1. A method for processing annotations in computer files comprising:

receiving a data stream input at a scanner component, the data stream input representing a plurality of program elements of one or more computer files;

scanning the data stream input for annotations;

generating a data stream comprising a plurality of annotated program elements and associated annotation values;

providing the annotated program elements and annotation values as input to a handler component, wherein the handler component performs one of the handling functions comprising:

filtering the annotated program elements and annotation values data, or

echoing the annotated program elements and annotation values; and

generating an output from the handler component.

2. The method of claim 1, wherein the output from the handler component is a data stream having the same format as the input to the handler component.

3. The method of claim 2, further comprising providing the output from the handler component as input to a second handler component.

4. The method of claim 1, wherein filtering the annotated program elements and annotation values further includes providing feedback regarding which annotations are desired.

5. The method of claim 1, wherein scanning the data stream input for annotations is based at least in part on the feedback regarding which annotations are desired.

6. The method of claim 1, wherein the output of the listening component is an echo of the input data to the listening component.

7. The method of claim 1, wherein the one or more computer files comprise Java class files.

8. An annotation processing system comprising:

a data scanning module, the data scanning module to receive a data stream input containing a plurality of program elements and to scan the data stream input to identify annotated data elements and annotation values; and

a data handler module, the data handler module to receive the identified annotated data elements and annotation values, the data handler module being one of the following:

a stream processing handler to filter annotations and to generate feedback to the data scanning module regarding annotations that are needed; or

an echo mechanism to echo the annotated data elements and annotation values.

9. The system of claim 8, further comprising a second data handler module, wherein an output of the data handler module is an input to the second data handler module.
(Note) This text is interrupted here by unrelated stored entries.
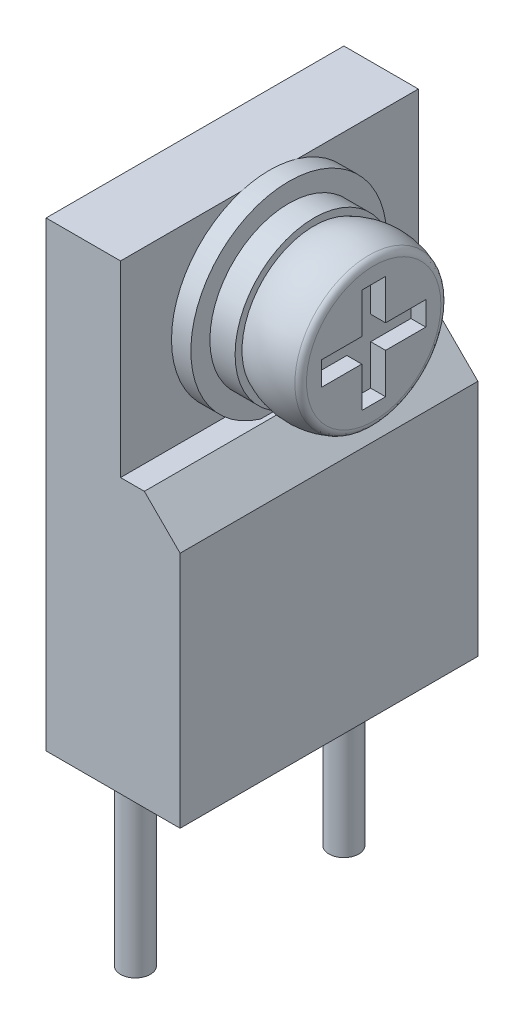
ISO-10303-21;
HEADER;
FILE_DESCRIPTION(('STEP AP214'),'2;1');
FILE_NAME('part.step','',(''),(''),'','','');
FILE_SCHEMA(('AUTOMOTIVE_DESIGN { 1 0 10303 214 1 1 1 1 }'));
ENDSEC;
DATA;
#1=APPLICATION_CONTEXT('core data for automotive mechanical design processes');
#2=APPLICATION_PROTOCOL_DEFINITION('international standard','automotive_design',2000,#1);
#3=PRODUCT_CONTEXT('',#1,'mechanical');
#4=PRODUCT('Part','Part','',(#3));
#5=PRODUCT_RELATED_PRODUCT_CATEGORY('part','',(#4));
#6=PRODUCT_DEFINITION_FORMATION('','',#4);
#7=PRODUCT_DEFINITION_CONTEXT('part definition',#1,'design');
#8=PRODUCT_DEFINITION('design','',#6,#7);
#9=PRODUCT_DEFINITION_SHAPE('','',#8);
#10=(LENGTH_UNIT() NAMED_UNIT(*) SI_UNIT(.MILLI.,.METRE.));
#11=(NAMED_UNIT(*) PLANE_ANGLE_UNIT() SI_UNIT($,.RADIAN.));
#12=(NAMED_UNIT(*) SI_UNIT($,.STERADIAN.) SOLID_ANGLE_UNIT());
#13=UNCERTAINTY_MEASURE_WITH_UNIT(LENGTH_MEASURE(1.E-05),#10,'distance_accuracy_value','');
#14=(GEOMETRIC_REPRESENTATION_CONTEXT(3) GLOBAL_UNCERTAINTY_ASSIGNED_CONTEXT((#13)) GLOBAL_UNIT_ASSIGNED_CONTEXT((#10,
#11,#12)) REPRESENTATION_CONTEXT('',''));
#15=CARTESIAN_POINT('',(0.,0.,0.));
#16=DIRECTION('',(0.,0.,1.));
#17=DIRECTION('',(1.,0.,0.));
#18=AXIS2_PLACEMENT_3D('',#15,#16,#17);
#19=CARTESIAN_POINT('',(1.5,-6.25,-3.5));
#20=DIRECTION('',(0.,1.,0.));
#21=DIRECTION('',(-1.,0.,0.));
#22=AXIS2_PLACEMENT_3D('',#19,#20,#21);
#23=CYLINDRICAL_SURFACE('',#22,0.5);
#24=CARTESIAN_POINT('',(1.5,0.,-3.5));
#25=DIRECTION('',(0.,-1.,0.));
#26=DIRECTION('',(-1.,0.,0.));
#27=AXIS2_PLACEMENT_3D('',#24,#25,#26);
#28=CIRCLE('',#27,0.5);
#29=CARTESIAN_POINT('',(1.,0.,-3.5));
#30=VERTEX_POINT('',#29);
#31=EDGE_CURVE('E11',#30,#30,#28,.T.);
#32=ORIENTED_EDGE('',*,*,#31,.T.);
#33=EDGE_LOOP('',(#32));
#34=FACE_BOUND('',#33,.T.);
#35=CARTESIAN_POINT('',(1.5,-6.25,-3.5));
#36=DIRECTION('',(0.,-1.,0.));
#37=DIRECTION('',(-1.,0.,0.));
#38=AXIS2_PLACEMENT_3D('',#35,#36,#37);
#39=CIRCLE('',#38,0.5);
#40=CARTESIAN_POINT('',(1.,-6.25,-3.5));
#41=VERTEX_POINT('',#40);
#42=EDGE_CURVE('E375',#41,#41,#39,.T.);
#43=ORIENTED_EDGE('',*,*,#42,.F.);
#44=EDGE_LOOP('',(#43));
#45=FACE_BOUND('',#44,.T.);
#46=ADVANCED_FACE('F17',(#34,#45),#23,.T.);
#47=CARTESIAN_POINT('',(1.5,-6.25,3.5));
#48=DIRECTION('',(0.,1.,0.));
#49=DIRECTION('',(-1.,0.,0.));
#50=AXIS2_PLACEMENT_3D('',#47,#48,#49);
#51=CYLINDRICAL_SURFACE('',#50,0.5);
#52=CARTESIAN_POINT('',(1.5,0.,3.5));
#53=DIRECTION('',(0.,-1.,0.));
#54=DIRECTION('',(1.,0.,0.));
#55=AXIS2_PLACEMENT_3D('',#52,#53,#54);
#56=CIRCLE('',#55,0.5);
#57=CARTESIAN_POINT('',(2.,0.,3.5));
#58=VERTEX_POINT('',#57);
#59=EDGE_CURVE('E27',#58,#58,#56,.T.);
#60=ORIENTED_EDGE('',*,*,#59,.T.);
#61=EDGE_LOOP('',(#60));
#62=FACE_BOUND('',#61,.T.);
#63=CARTESIAN_POINT('',(1.5,-6.25,3.5));
#64=DIRECTION('',(0.,-1.,0.));
#65=DIRECTION('',(1.,0.,0.));
#66=AXIS2_PLACEMENT_3D('',#63,#64,#65);
#67=CIRCLE('',#66,0.5);
#68=CARTESIAN_POINT('',(2.,-6.25,3.5));
#69=VERTEX_POINT('',#68);
#70=EDGE_CURVE('E202',#69,#69,#67,.T.);
#71=ORIENTED_EDGE('',*,*,#70,.F.);
#72=EDGE_LOOP('',(#71));
#73=FACE_BOUND('',#72,.T.);
#74=ADVANCED_FACE('F382',(#62,#73),#51,.T.);
#75=CARTESIAN_POINT('',(2.5,12.35,0.));
#76=DIRECTION('',(1.,0.,0.));
#77=DIRECTION('',(0.,0.,-1.));
#78=AXIS2_PLACEMENT_3D('',#75,#76,#77);
#79=CYLINDRICAL_SURFACE('',#78,3.28896076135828);
#80=CARTESIAN_POINT('',(2.5,12.35,0.));
#81=DIRECTION('',(1.,0.,0.));
#82=DIRECTION('',(0.,0.,-1.));
#83=AXIS2_PLACEMENT_3D('',#80,#81,#82);
#84=CIRCLE('',#83,3.28896076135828);
#85=CARTESIAN_POINT('',(2.5,15.5,0.94591907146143));
#86=VERTEX_POINT('',#85);
#87=CARTESIAN_POINT('',(2.5,9.2,0.94591907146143));
#88=VERTEX_POINT('',#87);
#89=EDGE_CURVE('E369',#86,#88,#84,.T.);
#90=ORIENTED_EDGE('',*,*,#89,.T.);
#91=DIRECTION('',(1.,0.,0.));
#92=VECTOR('',#91,1.);
#93=CARTESIAN_POINT('',(2.5,9.2,0.94591907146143));
#94=LINE('',#93,#92);
#95=CARTESIAN_POINT('',(3.15,9.2,0.94591907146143));
#96=VERTEX_POINT('',#95);
#97=EDGE_CURVE('E293',#88,#96,#94,.T.);
#98=ORIENTED_EDGE('',*,*,#97,.T.);
#99=CARTESIAN_POINT('',(3.15,12.35,0.));
#100=DIRECTION('',(1.,0.,0.));
#101=DIRECTION('',(0.,0.,-1.));
#102=AXIS2_PLACEMENT_3D('',#99,#100,#101);
#103=CIRCLE('',#102,3.28896076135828);
#104=CARTESIAN_POINT('',(3.15,9.2,-0.94591907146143));
#105=VERTEX_POINT('',#104);
#106=EDGE_CURVE('E292',#105,#96,#103,.T.);
#107=ORIENTED_EDGE('',*,*,#106,.F.);
#108=DIRECTION('',(-1.,0.,0.));
#109=VECTOR('',#108,1.);
#110=CARTESIAN_POINT('',(2.5,9.2,-0.94591907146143));
#111=LINE('',#110,#109);
#112=CARTESIAN_POINT('',(2.5,9.2,-0.94591907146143));
#113=VERTEX_POINT('',#112);
#114=EDGE_CURVE('E360',#105,#113,#111,.T.);
#115=ORIENTED_EDGE('',*,*,#114,.T.);
#116=CARTESIAN_POINT('',(2.5,12.35,0.));
#117=DIRECTION('',(1.,0.,0.));
#118=DIRECTION('',(0.,0.,-1.));
#119=AXIS2_PLACEMENT_3D('',#116,#117,#118);
#120=CIRCLE('',#119,3.28896076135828);
#121=CARTESIAN_POINT('',(2.5,15.5,-0.94591907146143));
#122=VERTEX_POINT('',#121);
#123=EDGE_CURVE('E366',#113,#122,#120,.T.);
#124=ORIENTED_EDGE('',*,*,#123,.T.);
#125=CARTESIAN_POINT('',(2.5,12.35,0.));
#126=DIRECTION('',(1.,0.,0.));
#127=DIRECTION('',(0.,0.,-1.));
#128=AXIS2_PLACEMENT_3D('',#125,#126,#127);
#129=CIRCLE('',#128,3.28896076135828);
#130=EDGE_CURVE('E363',#122,#86,#129,.T.);
#131=ORIENTED_EDGE('',*,*,#130,.T.);
#132=EDGE_LOOP('',(#90,#98,#107,#115,#124,#131));
#133=FACE_BOUND('',#132,.T.);
#134=ADVANCED_FACE('F389',(#133),#79,.T.);
#135=CARTESIAN_POINT('',(2.5,12.35,0.));
#136=DIRECTION('',(1.,0.,0.));
#137=DIRECTION('',(0.,0.,-1.));
#138=AXIS2_PLACEMENT_3D('',#135,#136,#137);
#139=CYLINDRICAL_SURFACE('',#138,2.65);
#140=CARTESIAN_POINT('',(3.99611740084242,12.35,0.));
#141=DIRECTION('',(1.,0.,0.));
#142=DIRECTION('',(0.,0.,-1.));
#143=AXIS2_PLACEMENT_3D('',#140,#141,#142);
#144=CIRCLE('',#143,2.65);
#145=CARTESIAN_POINT('',(3.99611740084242,12.35,-2.65));
#146=VERTEX_POINT('',#145);
#147=EDGE_CURVE('E349',#146,#146,#144,.T.);
#148=ORIENTED_EDGE('',*,*,#147,.F.);
#149=EDGE_LOOP('',(#148));
#150=FACE_BOUND('',#149,.T.);
#151=CARTESIAN_POINT('',(3.15,12.35,0.));
#152=DIRECTION('',(1.,0.,0.));
#153=DIRECTION('',(0.,0.,-1.));
#154=AXIS2_PLACEMENT_3D('',#151,#152,#153);
#155=CIRCLE('',#154,2.65);
#156=CARTESIAN_POINT('',(3.15,12.35,-2.65));
#157=VERTEX_POINT('',#156);
#158=EDGE_CURVE('E355',#157,#157,#155,.T.);
#159=ORIENTED_EDGE('',*,*,#158,.T.);
#160=EDGE_LOOP('',(#159));
#161=FACE_BOUND('',#160,.T.);
#162=ADVANCED_FACE('F395',(#150,#161),#139,.T.);
#163=CARTESIAN_POINT('',(5.,12.35,0.));
#164=DIRECTION('',(1.,0.,0.));
#165=DIRECTION('',(0.,0.,-1.));
#166=AXIS2_PLACEMENT_3D('',#163,#164,#165);
#167=DEGENERATE_TOROIDAL_SURFACE('',#166,0.363402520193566,2.28659747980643,.T.);
#168=CARTESIAN_POINT('',(5.84206532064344,12.35,0.));
#169=DIRECTION('',(1.,0.,0.));
#170=DIRECTION('',(0.,0.,-1.));
#171=AXIS2_PLACEMENT_3D('',#168,#169,#170);
#172=CIRCLE('',#171,2.48930327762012);
#173=CARTESIAN_POINT('',(5.84206532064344,12.35,-2.48930327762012));
#174=VERTEX_POINT('',#173);
#175=EDGE_CURVE('E343',#174,#174,#172,.T.);
#176=ORIENTED_EDGE('',*,*,#175,.F.);
#177=EDGE_LOOP('',(#176));
#178=FACE_BOUND('',#177,.T.);
#179=CARTESIAN_POINT('',(3.99611740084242,12.35,0.));
#180=DIRECTION('',(1.,0.,0.));
#181=DIRECTION('',(0.,0.,-1.));
#182=AXIS2_PLACEMENT_3D('',#179,#180,#181);
#183=CIRCLE('',#182,2.41784837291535);
#184=CARTESIAN_POINT('',(3.99611740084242,12.35,-2.41784837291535));
#185=VERTEX_POINT('',#184);
#186=EDGE_CURVE('E352',#185,#185,#183,.T.);
#187=ORIENTED_EDGE('',*,*,#186,.T.);
#188=EDGE_LOOP('',(#187));
#189=FACE_BOUND('',#188,.T.);
#190=ADVANCED_FACE('F399',(#178,#189),#167,.T.);
#191=CARTESIAN_POINT('',(5.75,12.35,0.));
#192=DIRECTION('',(1.,0.,0.));
#193=DIRECTION('',(0.,0.,-1.));
#194=AXIS2_PLACEMENT_3D('',#191,#192,#193);
#195=TOROIDAL_SURFACE('',#194,2.25687269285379,0.250000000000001);
#196=CARTESIAN_POINT('',(6.,12.35,0.));
#197=DIRECTION('',(1.,0.,0.));
#198=DIRECTION('',(0.,0.,-1.));
#199=AXIS2_PLACEMENT_3D('',#196,#197,#198);
#200=CIRCLE('',#199,2.25687269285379);
#201=CARTESIAN_POINT('',(6.,12.35,-2.25687269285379));
#202=VERTEX_POINT('',#201);
#203=EDGE_CURVE('E331',#202,#202,#200,.T.);
#204=ORIENTED_EDGE('',*,*,#203,.F.);
#205=EDGE_LOOP('',(#204));
#206=FACE_BOUND('',#205,.T.);
#207=ORIENTED_EDGE('',*,*,#175,.T.);
#208=EDGE_LOOP('',(#207));
#209=FACE_BOUND('',#208,.T.);
#210=ADVANCED_FACE('F403',(#206,#209),#195,.T.);
#211=CARTESIAN_POINT('',(4.5,0.,-5.));
#212=DIRECTION('',(0.,-1.,0.));
#213=DIRECTION('',(1.,0.,0.));
#214=AXIS2_PLACEMENT_3D('',#211,#212,#213);
#215=PLANE('',#214);
#216=ORIENTED_EDGE('',*,*,#59,.F.);
#217=EDGE_LOOP('',(#216));
#218=FACE_BOUND('',#217,.T.);
#219=DIRECTION('',(1.,0.,0.));
#220=VECTOR('',#219,1.);
#221=CARTESIAN_POINT('',(4.5,0.,5.));
#222=LINE('',#221,#220);
#223=CARTESIAN_POINT('',(0.,0.,5.));
#224=VERTEX_POINT('',#223);
#225=CARTESIAN_POINT('',(4.5,0.,5.));
#226=VERTEX_POINT('',#225);
#227=EDGE_CURVE('E278',#224,#226,#222,.T.);
#228=ORIENTED_EDGE('',*,*,#227,.F.);
#229=DIRECTION('',(0.,0.,1.));
#230=VECTOR('',#229,1.);
#231=CARTESIAN_POINT('',(0.,0.,-5.));
#232=LINE('',#231,#230);
#233=CARTESIAN_POINT('',(0.,0.,-5.));
#234=VERTEX_POINT('',#233);
#235=EDGE_CURVE('E315',#234,#224,#232,.T.);
#236=ORIENTED_EDGE('',*,*,#235,.F.);
#237=DIRECTION('',(1.,0.,0.));
#238=VECTOR('',#237,1.);
#239=CARTESIAN_POINT('',(4.5,0.,-5.));
#240=LINE('',#239,#238);
#241=CARTESIAN_POINT('',(4.5,0.,-5.));
#242=VERTEX_POINT('',#241);
#243=EDGE_CURVE('E340',#234,#242,#240,.T.);
#244=ORIENTED_EDGE('',*,*,#243,.T.);
#245=DIRECTION('',(0.,0.,1.));
#246=VECTOR('',#245,1.);
#247=CARTESIAN_POINT('',(4.5,0.,-5.));
#248=LINE('',#247,#246);
#249=EDGE_CURVE('E337',#242,#226,#248,.T.);
#250=ORIENTED_EDGE('',*,*,#249,.T.);
#251=EDGE_LOOP('',(#228,#236,#244,#250));
#252=FACE_BOUND('',#251,.T.);
#253=ORIENTED_EDGE('',*,*,#31,.F.);
#254=EDGE_LOOP('',(#253));
#255=FACE_BOUND('',#254,.T.);
#256=ADVANCED_FACE('F407',(#218,#252,#255),#215,.T.);
#257=CARTESIAN_POINT('',(2.5,15.5,-5.));
#258=DIRECTION('',(1.,0.,0.));
#259=DIRECTION('',(0.,1.,0.));
#260=AXIS2_PLACEMENT_3D('',#257,#258,#259);
#261=PLANE('',#260);
#262=ORIENTED_EDGE('',*,*,#89,.F.);
#263=DIRECTION('',(0.,0.,1.));
#264=VECTOR('',#263,1.);
#265=CARTESIAN_POINT('',(2.5,15.5,-5.));
#266=LINE('',#265,#264);
#267=CARTESIAN_POINT('',(2.5,15.5,5.));
#268=VERTEX_POINT('',#267);
#269=EDGE_CURVE('E326',#86,#268,#266,.T.);
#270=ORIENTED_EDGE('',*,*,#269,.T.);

10. The system of claim 9, wherein a format of the output of the data handler module is the same as the format of the input to the data handler module.

11. The system of claim 8, wherein the stream processing handler comprises one or more configurable parameters for a filter condition.

12. The system of claim 8, wherein the echo mechanism produces a text stream for a user.

13. The system of claim 7, wherein the echo mechanism produces text for external processing.

14. An article of manufacture comprising:

a computer-readable medium including instructions that, when accessed by a processor, cause the computer to perform operations comprising:

scanning the data stream input for annotations;

filtering the annotated program elements and annotation values data, or

echoing the annotated program elements and annotation values; and

generating an output from the handler component.

15. The article of manufacture of claim 14, wherein the output from the listening component is a data stream having the same format as the input to the listening component.

16. The article of manufacture of claim 15, where the listening function of the listening component is either filtering the type definition and type usage data or aggregating the type usage data.

17. The article of manufacture of claim 15, wherein the medium further includes instructions that, when accessed by a processor, cause the computer to perform operations comprising:

providing the output from the listening component as input to a second listening component.

18. The article of manufacture of claim 14, wherein the output of the listening component is an echo of the input data to the listening component.

19. The article of manufacture of claim 14, wherein the one or more computer files comprise Java class files.